WHAT TO DO:
Reproduce, from the lines below, exactly the stretch that begins at the line containing "#250=ADVANCED_FACE('F136',(#249),#238,.F.);" and ends at the line containing "#257=ORIENTED_EDGE('',*,*,#212,.F.);", both included.

RECORDED DATA:
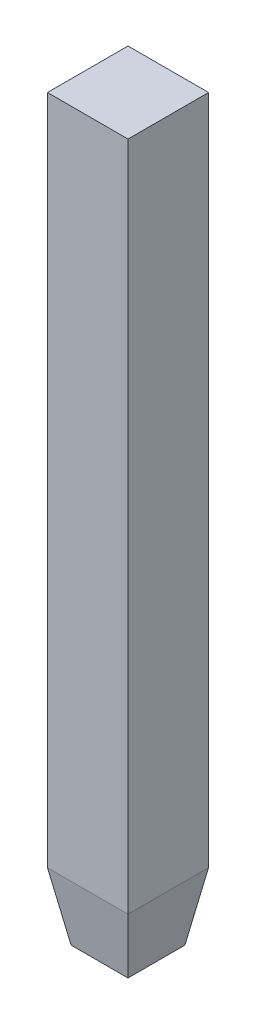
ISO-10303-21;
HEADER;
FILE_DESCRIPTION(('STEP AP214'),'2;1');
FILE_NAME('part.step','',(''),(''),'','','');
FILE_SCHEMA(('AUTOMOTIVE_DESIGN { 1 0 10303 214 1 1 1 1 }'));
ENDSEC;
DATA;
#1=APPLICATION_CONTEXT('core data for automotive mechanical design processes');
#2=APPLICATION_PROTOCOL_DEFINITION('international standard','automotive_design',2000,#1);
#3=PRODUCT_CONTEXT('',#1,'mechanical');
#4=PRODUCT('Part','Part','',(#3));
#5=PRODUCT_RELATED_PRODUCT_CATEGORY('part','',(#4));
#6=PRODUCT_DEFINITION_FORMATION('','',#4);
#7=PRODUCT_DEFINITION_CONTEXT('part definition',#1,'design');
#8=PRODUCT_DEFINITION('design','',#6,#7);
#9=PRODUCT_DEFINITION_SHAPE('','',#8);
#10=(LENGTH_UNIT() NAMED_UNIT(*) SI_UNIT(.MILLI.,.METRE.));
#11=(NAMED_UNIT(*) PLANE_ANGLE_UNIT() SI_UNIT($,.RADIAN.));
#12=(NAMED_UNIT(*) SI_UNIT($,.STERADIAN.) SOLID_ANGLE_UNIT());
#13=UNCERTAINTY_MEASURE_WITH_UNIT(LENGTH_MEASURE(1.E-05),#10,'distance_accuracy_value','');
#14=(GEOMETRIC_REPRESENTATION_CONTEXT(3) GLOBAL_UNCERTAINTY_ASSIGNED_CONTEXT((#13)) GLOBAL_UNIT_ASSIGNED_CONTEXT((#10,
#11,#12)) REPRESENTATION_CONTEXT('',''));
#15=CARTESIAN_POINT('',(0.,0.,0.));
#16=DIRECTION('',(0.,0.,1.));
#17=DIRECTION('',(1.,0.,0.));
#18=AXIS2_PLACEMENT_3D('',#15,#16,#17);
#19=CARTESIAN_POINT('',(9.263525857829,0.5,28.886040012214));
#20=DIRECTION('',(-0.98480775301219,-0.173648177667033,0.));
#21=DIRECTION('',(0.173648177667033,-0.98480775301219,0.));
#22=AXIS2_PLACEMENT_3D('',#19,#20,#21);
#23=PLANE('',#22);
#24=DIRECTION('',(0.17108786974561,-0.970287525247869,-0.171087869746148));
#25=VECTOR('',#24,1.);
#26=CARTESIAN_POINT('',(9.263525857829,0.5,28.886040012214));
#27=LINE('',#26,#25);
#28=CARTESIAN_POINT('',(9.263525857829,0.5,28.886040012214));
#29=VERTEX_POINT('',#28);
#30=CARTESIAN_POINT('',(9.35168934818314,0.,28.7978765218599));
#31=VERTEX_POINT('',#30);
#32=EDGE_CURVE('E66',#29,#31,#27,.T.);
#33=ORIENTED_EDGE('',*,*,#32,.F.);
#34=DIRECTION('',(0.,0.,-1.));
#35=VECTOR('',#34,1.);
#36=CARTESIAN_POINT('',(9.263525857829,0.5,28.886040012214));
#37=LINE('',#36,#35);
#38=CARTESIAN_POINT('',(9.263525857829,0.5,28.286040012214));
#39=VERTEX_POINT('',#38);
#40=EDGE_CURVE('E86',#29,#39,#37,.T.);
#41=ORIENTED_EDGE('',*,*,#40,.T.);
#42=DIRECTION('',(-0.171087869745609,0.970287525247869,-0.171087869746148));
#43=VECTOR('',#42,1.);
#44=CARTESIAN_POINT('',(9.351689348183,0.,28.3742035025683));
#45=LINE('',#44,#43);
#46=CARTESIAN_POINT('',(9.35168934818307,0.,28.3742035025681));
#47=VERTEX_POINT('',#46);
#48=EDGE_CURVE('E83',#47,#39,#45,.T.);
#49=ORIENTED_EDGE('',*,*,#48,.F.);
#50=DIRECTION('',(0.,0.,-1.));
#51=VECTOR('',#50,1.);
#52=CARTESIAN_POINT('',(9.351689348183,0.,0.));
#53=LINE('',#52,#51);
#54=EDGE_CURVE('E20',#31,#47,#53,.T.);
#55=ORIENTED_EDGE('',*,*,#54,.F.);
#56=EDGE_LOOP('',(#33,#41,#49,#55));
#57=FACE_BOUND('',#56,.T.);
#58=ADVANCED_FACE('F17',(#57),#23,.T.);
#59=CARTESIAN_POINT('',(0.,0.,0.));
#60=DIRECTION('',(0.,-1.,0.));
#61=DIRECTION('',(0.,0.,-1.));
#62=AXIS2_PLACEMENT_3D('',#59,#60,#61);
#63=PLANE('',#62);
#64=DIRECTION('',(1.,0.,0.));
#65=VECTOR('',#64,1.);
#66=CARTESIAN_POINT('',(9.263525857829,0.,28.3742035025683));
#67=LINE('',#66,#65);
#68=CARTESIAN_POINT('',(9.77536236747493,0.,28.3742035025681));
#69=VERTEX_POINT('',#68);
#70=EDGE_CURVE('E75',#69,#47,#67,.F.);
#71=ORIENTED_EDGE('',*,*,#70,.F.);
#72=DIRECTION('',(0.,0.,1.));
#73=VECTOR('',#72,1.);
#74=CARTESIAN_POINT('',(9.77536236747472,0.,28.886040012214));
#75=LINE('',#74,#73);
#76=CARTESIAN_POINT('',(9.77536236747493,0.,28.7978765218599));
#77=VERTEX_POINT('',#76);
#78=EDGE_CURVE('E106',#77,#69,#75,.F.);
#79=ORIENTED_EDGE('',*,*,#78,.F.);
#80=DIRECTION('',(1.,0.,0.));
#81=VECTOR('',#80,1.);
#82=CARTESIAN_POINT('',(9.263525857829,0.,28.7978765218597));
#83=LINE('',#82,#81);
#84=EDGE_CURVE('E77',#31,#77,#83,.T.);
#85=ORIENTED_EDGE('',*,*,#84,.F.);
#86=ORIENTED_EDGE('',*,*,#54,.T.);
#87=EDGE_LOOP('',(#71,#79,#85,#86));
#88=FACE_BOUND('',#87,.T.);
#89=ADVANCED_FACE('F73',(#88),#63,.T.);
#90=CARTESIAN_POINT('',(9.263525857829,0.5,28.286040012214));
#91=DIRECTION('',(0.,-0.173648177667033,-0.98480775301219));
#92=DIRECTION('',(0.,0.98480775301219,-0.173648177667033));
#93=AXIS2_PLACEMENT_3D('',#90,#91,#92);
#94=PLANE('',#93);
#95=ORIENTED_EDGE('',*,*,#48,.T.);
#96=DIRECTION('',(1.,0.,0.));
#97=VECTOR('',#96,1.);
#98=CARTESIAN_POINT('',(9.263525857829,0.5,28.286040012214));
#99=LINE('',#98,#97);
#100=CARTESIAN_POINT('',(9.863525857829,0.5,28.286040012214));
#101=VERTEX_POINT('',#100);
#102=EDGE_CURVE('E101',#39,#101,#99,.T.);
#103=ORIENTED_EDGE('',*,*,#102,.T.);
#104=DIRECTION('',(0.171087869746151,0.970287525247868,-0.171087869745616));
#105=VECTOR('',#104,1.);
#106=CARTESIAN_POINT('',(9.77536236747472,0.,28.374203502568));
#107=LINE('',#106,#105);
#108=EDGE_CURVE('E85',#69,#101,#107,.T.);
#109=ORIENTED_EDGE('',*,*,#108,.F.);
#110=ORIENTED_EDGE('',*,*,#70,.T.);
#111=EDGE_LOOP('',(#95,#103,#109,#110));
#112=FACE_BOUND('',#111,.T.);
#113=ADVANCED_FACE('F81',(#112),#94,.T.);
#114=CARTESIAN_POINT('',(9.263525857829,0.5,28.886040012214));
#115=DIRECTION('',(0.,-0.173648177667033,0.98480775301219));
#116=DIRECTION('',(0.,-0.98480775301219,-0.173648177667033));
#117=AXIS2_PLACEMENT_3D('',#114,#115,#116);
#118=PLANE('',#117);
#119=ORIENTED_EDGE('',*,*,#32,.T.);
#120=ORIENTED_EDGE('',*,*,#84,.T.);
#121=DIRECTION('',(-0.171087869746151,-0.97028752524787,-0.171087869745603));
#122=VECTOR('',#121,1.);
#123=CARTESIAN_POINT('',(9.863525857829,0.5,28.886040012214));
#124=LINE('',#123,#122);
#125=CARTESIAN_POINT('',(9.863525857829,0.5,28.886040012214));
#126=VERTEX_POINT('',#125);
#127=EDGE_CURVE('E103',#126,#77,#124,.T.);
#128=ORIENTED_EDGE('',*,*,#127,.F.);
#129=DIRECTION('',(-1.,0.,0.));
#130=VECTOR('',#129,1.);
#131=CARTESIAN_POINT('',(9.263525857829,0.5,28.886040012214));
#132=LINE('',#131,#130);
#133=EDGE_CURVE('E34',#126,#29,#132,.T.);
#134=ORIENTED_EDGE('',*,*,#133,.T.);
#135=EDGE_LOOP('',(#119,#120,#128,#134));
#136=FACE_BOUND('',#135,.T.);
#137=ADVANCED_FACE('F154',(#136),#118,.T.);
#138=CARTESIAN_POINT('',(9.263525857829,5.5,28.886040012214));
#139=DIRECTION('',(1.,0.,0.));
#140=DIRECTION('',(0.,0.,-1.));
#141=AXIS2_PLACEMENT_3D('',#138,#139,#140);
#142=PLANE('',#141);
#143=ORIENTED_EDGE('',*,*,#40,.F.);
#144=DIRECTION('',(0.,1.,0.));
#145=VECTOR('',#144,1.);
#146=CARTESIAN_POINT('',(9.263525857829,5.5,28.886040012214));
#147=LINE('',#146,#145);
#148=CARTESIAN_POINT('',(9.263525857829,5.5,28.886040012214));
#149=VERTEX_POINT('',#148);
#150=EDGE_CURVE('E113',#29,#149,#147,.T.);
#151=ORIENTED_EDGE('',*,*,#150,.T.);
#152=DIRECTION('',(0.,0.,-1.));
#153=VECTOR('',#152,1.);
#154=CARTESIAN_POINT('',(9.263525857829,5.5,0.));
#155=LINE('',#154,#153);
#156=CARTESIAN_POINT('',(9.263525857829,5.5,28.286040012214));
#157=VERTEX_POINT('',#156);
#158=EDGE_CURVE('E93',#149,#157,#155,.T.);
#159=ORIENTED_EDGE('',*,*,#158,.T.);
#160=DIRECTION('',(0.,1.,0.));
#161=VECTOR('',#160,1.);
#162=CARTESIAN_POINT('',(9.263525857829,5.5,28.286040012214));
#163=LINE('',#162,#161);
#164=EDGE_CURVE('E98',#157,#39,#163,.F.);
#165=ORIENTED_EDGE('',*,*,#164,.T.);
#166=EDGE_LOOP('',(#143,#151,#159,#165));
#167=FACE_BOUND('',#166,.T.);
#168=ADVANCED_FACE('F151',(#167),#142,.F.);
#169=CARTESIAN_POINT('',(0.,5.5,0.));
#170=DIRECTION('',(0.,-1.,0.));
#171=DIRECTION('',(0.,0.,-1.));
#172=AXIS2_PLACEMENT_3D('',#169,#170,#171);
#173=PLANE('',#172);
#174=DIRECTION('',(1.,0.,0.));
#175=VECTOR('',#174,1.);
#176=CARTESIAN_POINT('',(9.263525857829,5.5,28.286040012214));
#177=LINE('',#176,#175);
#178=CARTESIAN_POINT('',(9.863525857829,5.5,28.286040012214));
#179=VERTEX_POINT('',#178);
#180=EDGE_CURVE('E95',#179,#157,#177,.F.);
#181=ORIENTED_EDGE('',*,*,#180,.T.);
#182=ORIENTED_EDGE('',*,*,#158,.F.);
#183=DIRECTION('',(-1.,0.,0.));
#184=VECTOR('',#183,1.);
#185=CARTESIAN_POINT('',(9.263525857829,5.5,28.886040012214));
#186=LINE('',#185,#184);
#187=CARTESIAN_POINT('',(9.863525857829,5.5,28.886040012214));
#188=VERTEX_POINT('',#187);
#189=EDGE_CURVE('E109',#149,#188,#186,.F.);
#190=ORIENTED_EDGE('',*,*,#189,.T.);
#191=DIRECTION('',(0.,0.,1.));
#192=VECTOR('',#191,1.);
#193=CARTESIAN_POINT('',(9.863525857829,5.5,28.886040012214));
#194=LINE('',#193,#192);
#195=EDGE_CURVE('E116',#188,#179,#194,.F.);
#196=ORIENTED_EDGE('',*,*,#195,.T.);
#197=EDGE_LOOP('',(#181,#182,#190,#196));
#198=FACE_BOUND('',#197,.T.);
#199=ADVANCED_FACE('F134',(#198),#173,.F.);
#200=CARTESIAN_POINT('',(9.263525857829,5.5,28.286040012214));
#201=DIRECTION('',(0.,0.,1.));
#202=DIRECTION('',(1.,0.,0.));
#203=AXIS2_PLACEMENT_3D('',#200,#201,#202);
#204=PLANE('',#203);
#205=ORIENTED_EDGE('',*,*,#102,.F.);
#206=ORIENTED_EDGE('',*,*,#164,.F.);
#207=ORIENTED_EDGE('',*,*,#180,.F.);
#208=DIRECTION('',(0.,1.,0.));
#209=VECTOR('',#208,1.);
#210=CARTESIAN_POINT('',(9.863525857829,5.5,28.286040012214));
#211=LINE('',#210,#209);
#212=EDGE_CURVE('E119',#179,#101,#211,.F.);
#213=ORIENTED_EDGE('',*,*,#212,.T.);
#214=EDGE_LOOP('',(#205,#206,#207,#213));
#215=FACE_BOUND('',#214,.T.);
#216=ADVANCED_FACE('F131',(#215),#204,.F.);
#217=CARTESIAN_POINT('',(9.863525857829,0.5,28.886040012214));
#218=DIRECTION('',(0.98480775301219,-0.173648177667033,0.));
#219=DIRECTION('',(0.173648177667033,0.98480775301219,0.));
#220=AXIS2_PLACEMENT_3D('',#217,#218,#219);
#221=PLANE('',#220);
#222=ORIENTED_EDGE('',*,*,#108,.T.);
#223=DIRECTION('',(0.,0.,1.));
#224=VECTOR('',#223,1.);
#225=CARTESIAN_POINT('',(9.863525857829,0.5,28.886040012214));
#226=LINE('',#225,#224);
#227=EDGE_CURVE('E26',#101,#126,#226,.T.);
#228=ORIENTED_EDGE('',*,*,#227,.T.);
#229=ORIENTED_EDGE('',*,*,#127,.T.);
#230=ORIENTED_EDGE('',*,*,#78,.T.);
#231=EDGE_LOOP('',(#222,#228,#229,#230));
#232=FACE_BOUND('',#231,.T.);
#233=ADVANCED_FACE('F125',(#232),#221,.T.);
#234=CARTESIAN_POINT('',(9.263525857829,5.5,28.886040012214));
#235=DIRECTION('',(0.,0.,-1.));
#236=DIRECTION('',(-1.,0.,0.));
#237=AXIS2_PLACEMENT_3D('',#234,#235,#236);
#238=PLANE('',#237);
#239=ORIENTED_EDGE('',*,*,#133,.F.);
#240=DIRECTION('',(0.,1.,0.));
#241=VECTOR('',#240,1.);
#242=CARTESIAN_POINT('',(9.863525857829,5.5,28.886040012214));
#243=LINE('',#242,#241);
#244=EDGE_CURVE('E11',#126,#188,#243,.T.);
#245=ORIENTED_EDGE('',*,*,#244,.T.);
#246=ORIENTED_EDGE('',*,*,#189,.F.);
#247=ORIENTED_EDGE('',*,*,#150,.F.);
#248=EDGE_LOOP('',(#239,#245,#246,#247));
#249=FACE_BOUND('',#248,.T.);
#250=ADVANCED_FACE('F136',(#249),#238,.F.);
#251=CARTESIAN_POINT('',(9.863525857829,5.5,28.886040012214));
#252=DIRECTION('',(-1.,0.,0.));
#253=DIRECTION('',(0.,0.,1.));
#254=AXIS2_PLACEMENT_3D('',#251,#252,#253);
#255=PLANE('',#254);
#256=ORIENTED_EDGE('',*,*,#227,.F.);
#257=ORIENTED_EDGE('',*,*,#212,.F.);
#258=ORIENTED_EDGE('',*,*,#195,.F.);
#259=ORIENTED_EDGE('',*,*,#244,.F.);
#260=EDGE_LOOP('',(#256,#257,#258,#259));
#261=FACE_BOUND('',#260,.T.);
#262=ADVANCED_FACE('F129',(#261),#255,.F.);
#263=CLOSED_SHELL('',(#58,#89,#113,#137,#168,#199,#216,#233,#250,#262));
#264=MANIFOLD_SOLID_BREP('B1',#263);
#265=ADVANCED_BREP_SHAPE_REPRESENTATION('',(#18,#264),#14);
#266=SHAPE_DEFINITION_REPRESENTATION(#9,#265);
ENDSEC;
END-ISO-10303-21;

ANSWER FOR THE TASK:
#250=ADVANCED_FACE('F136',(#249),#238,.F.);
#251=CARTESIAN_POINT('',(9.863525857829,5.5,28.886040012214));
#252=DIRECTION('',(-1.,0.,0.));
#253=DIRECTION('',(0.,0.,1.));
#254=AXIS2_PLACEMENT_3D('',#251,#252,#253);
#255=PLANE('',#254);
#256=ORIENTED_EDGE('',*,*,#227,.F.);
#257=ORIENTED_EDGE('',*,*,#212,.F.);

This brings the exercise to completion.